Les lignes directrices recommandent la chimiothérapie néoadjuvante chez les patientes atteintes d'un cancer inflammatoire du sein ou celles dont la maladie n'est pas résécable ou est localement avancée au moment de la présentation, et dont la maladie peut être rendue résécable par un traitement néoadjuvant. La chimiothérapie néoadjuvante peut également être recommandée chez toute patiente atteinte d'un cancer du sein HR+/HER2- qui est candidate à la chimiothérapie.

Thérapie locale post-chimiothérapie néoadjuvante

La thérapie locale dépendra de la réponse à la chimiothérapie néoadjuvante. En cas de réponse au traitement, une lumpectomie ou une mastectomie peuvent être envisagées avant d'instaurer une thérapie systémique et une radiothérapie. En cas de non-réponse, une chimiothérapie additionnelle et/ou une radiothérapie préopératoire doit être envisagée.

Hormonothérapie

Chez les femmes post-ménopausées, le tamoxifène est associé à une réduction des récidives et de la mortalité liée au cancer du sein. Néanmoins, les inhibiteurs de l'aromatase semblent supérieurs pour réduire le risque de récidive. Chez les femmes pré-ménopausées, l'exémestane associée à la suppression ovarienne est recommandée.

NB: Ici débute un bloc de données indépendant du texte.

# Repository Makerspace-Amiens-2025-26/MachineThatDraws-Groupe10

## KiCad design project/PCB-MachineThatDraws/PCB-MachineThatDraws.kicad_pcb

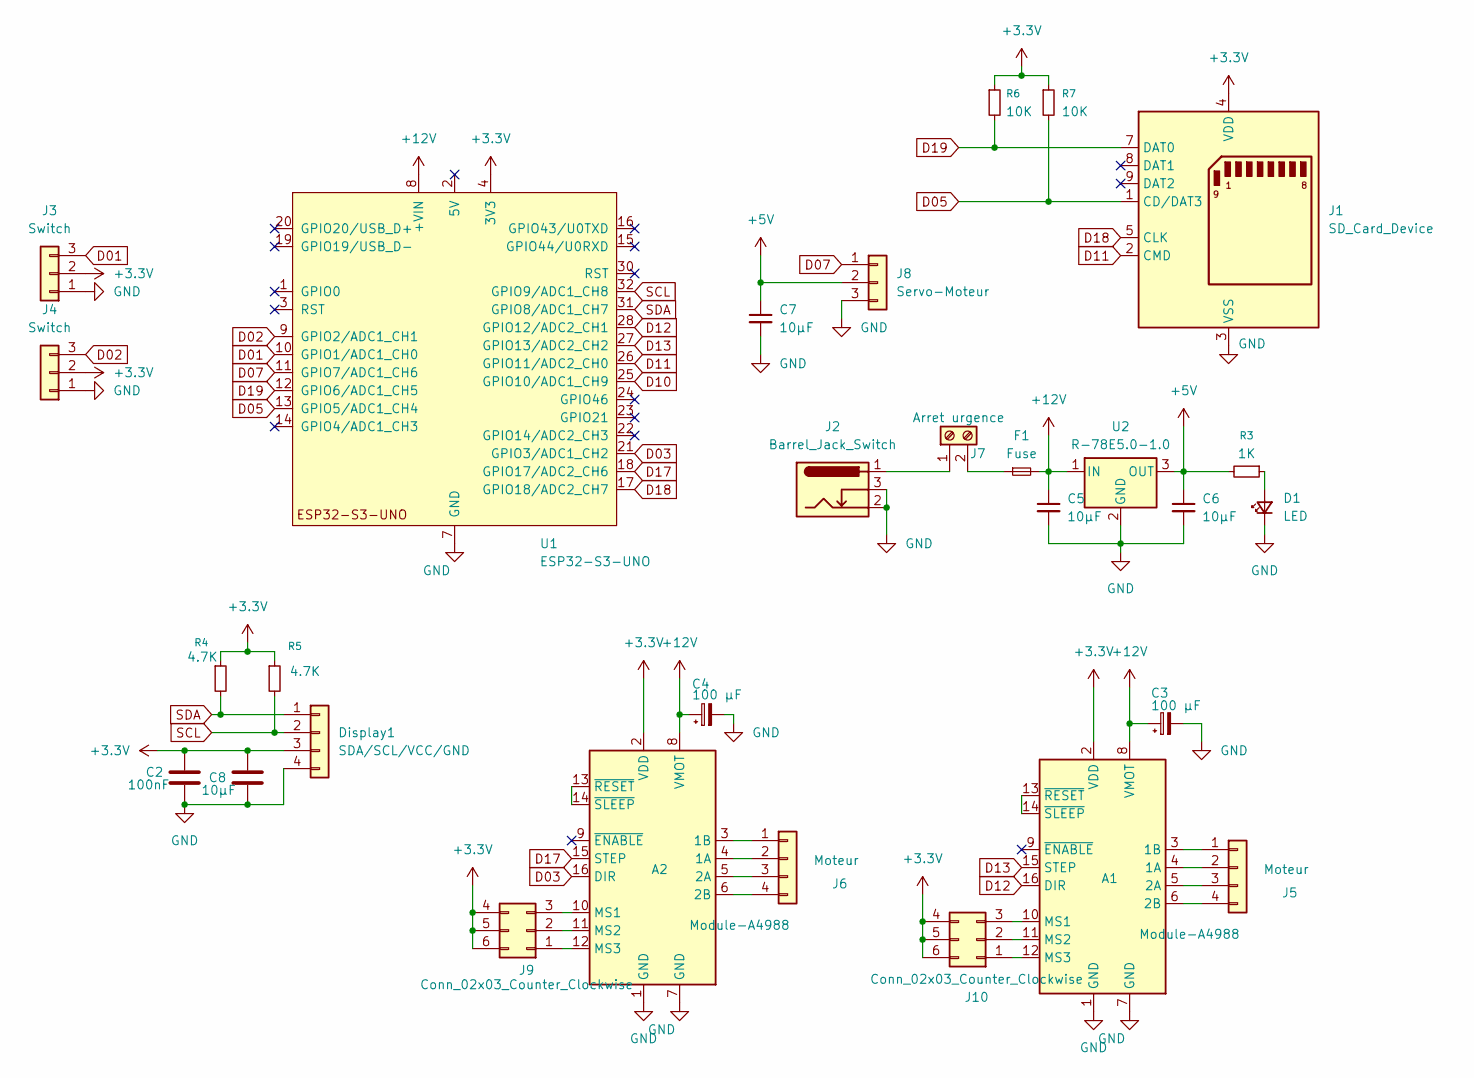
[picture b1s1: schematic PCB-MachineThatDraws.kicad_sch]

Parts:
A1, A2: Module-A4988; Pololu_Breakout-16_15.2x20.3mm
C2: 100nF; C_1206
C3, C4: 100 µF; CP_Elec_6.3x5.4
C5, C6, C7, C8: 10µF; C_1206
D1: LED; LED_1206_3216Metric
Display1: SDA/SCL/VCC/GND; PinHeader_1x04_P2.54mm_Vertical
F1: Fuse; Fuseholder_Blade_Mini_Keystone_3568
J1: SD_Card_Device; SD_Hirose_DM1AA_SF_PEJ82
J2: Barrel_Jack_Switch; BarrelJack_GCT_DCJ200-10-A_Horizontal
J3, J4: Switch; PinHeader_1x03_P2.54mm_Vertical
J5, J6: Moteur; PinHeader_1x04_P2.54mm_Vertical
J7: Arret urgence; TerminalBlock_bornier-2_P5.08mm
J8: Servo-Moteur; PinHeader_1x03_P2.54mm_Vertical
J9, J10: Conn_02x03_Counter_Clockwise; PinHeader_2x03_P2.54mm_Vertical
R3: 1K; R_1206
R4, R5: 4.7K; R_1206
R6, R7: 10K; R_1206
U1: ESP32-S3-UNO; ESP_S3_UNO
U2: R-78E5.0-1.0; Converter_DCDC_RECOM_R-78E-0.5_THT

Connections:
+3.3V: A1.2 (VDD), A2.2 (VDD), C2.1, C8.1, Display1.3, J1.4 (VDD), J3.2, J4.2, J9.4, J9.5, J9.6, J10.4, J10.5, J10.6, R4.1, R5.1, R6.1, R7.1, U1.4 (3V3)
+5V: C6.1, C7.1, J8.2, R3.2, U2.3 (OUT)
+12V: A1.8 (VMOT), A2.8 (VMOT), C3.1, C4.1, C5.1, F1.2, U1.8 (+VIN), U2.1 (IN)
D01: J3.3, U1.10 (GPIO1/ADC1_CH0)
D02: J4.3, U1.9 (GPIO2/ADC1_CH1)
D03: A2.16 (DIR), U1.21 (GPIO3/ADC1_CH2)
D05: J1.1 (CD/DAT3), R7.2, U1.13 (GPIO5/ADC1_CH4)
D07: J8.1, U1.11 (GPIO7/ADC1_CH6)
D10: U1.25 (GPIO10/ADC1_CH9)
D11: J1.2 (CMD), U1.26 (GPIO11/ADC2_CH0)
D12: A1.16 (DIR), U1.28 (GPIO12/ADC2_CH1)
D13: A1.15 (STEP), U1.27 (GPIO13/ADC2_CH2)
D17: A2.15 (STEP), U1.18 (GPIO17/ADC2_CH6)
D18: J1.5 (CLK), U1.17 (GPIO18/ADC2_CH7)
D19: J1.7 (DAT0), R6.2, U1.12 (GPIO6/ADC1_CH5)
GND: A1.1 (GND), A1.7 (GND), A2.1 (GND), A2.7 (GND), C2.2, C3.2, C4.2, C5.2, C6.2, C7.2, C8.2, D1.1 (K), Display1.4, J1.3 (VSS), J1.6 (VSS), J2.2, J2.3, J3.1, J4.1, J8.3, U1.6 (GND), U1.7 (GND), U1.29 (GND), U2.2 (GND)
unnamed: A1.4 (1A), J5.2
unnamed: A1.3 (1B), J5.1
unnamed: A1.5 (2A), J5.3
unnamed: A1.6 (2B), J5.4
unnamed: A1.10 (MS1), J10.3
unnamed: A1.11 (MS2), J10.2
unnamed: A1.12 (MS3), J10.1
unnamed: A1.13 (~RESET), A1.14 (~SLEEP)
unnamed: A2.4 (1A), J6.2
unnamed: A2.3 (1B), J6.1
unnamed: A2.5 (2A), J6.3
unnamed: A2.6 (2B), J6.4
unnamed: A2.10 (MS1), J9.3
unnamed: A2.11 (MS2), J9.2
unnamed: A2.12 (MS3), J9.1
unnamed: A2.13 (~RESET), A2.14 (~SLEEP)
unnamed: D1.2 (A), R3.1
unnamed: J2.1, J7.1
unnamed: F1.1, J7.2
SCL: U1.32 (GPIO9/ADC1_CH8)
SCL: Display1.2, R5.2
SDA: Display1.1, R4.2
SDA: U1.31 (GPIO8/ADC1_CH7)

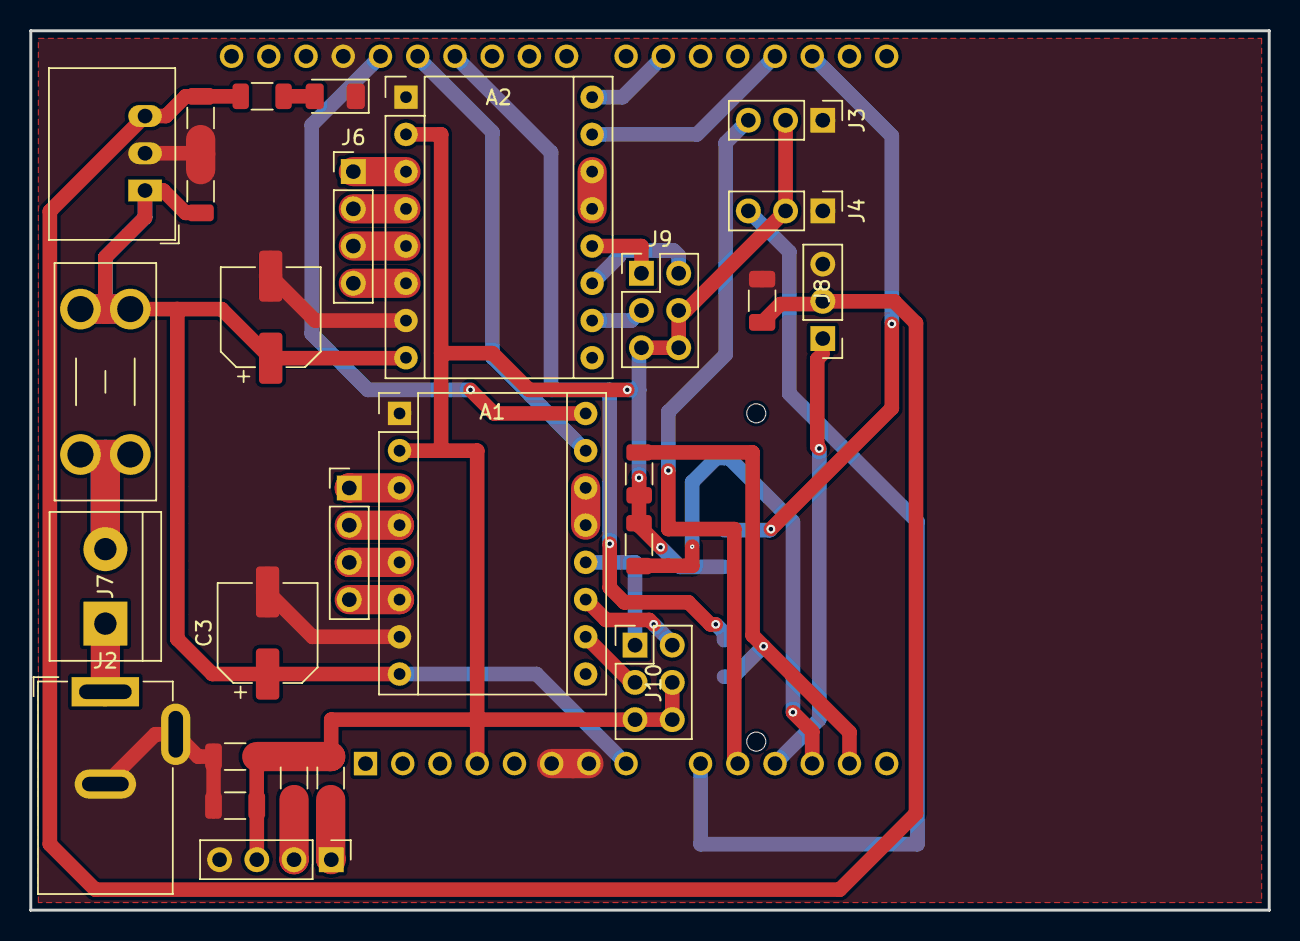
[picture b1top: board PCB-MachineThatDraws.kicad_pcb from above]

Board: 2 copper layers, 84.5 x 60.0 mm, 29 parts (1 on the bottom side), 36 nets.

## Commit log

2026-03-15 Create Fichier Kicad
    Fichier Kicad pour la carte électronique du projet Machine That Draws
2026-03-20 Create index.html
    Site de présentation de notyre projet
2026-03-20 Update index.md
    teste
2026-03-20 Update index.md
    test template
2026-03-20 Update index.md
    ajout du fond noir / police en blanc + ajout d'un rendu 3D
2026-03-20 Update index.md
    changement de couleur pouvoir avoir la marge en noir
2026-03-20 Change directory - update pcb
2026-03-20 update resistor pullup I2C
2026-03-25 changement nom / esp / valeur
2026-04-02 Kicad
2026-04-03 Update Gemfile
2026-04-03 Faire PCB
2026-04-04 A refaire
2026-04-05 A repenser
2026-04-05 Finale
2026-04-07 petites modifications apportées
2026-04-14 Peut etre a revoir
2026-04-22 A verifier
2026-04-24 Validation PCB pour production
2026-04-27 fix some wiring problems
2026-06-03 mise à jour du site
2026-06-03 ajout de style css

Le traitement devrait être poursuivi pendant 7 à 10 ans. Les bénéfices d'un traitement prolongé sont dus à la prévention d'un second cancer du sein.

Bisphosphonates

Les bisphosphonates réduisent le taux de récidive osseuse du cancer du sein et améliorent la survie, mais le bénéfice n'est observé que chez les femmes qui étaient ménopausées au début du traitement.

Inhibiteur des CDK4/6

Le rôle des inhibiteurs des CDK4/6 en tant que traitement adjuvant des patientes HR+/HER2-, à risque élevé n'est pas encore défini. Cependant, les données préliminaires concernant l'abémaciclib sont encourageantes.

 

Référence

D'après une présentation du Pr Miguel Martin (Hospital General Universitario Gregorio Marañón, Madrid) à l'ESMO 2021.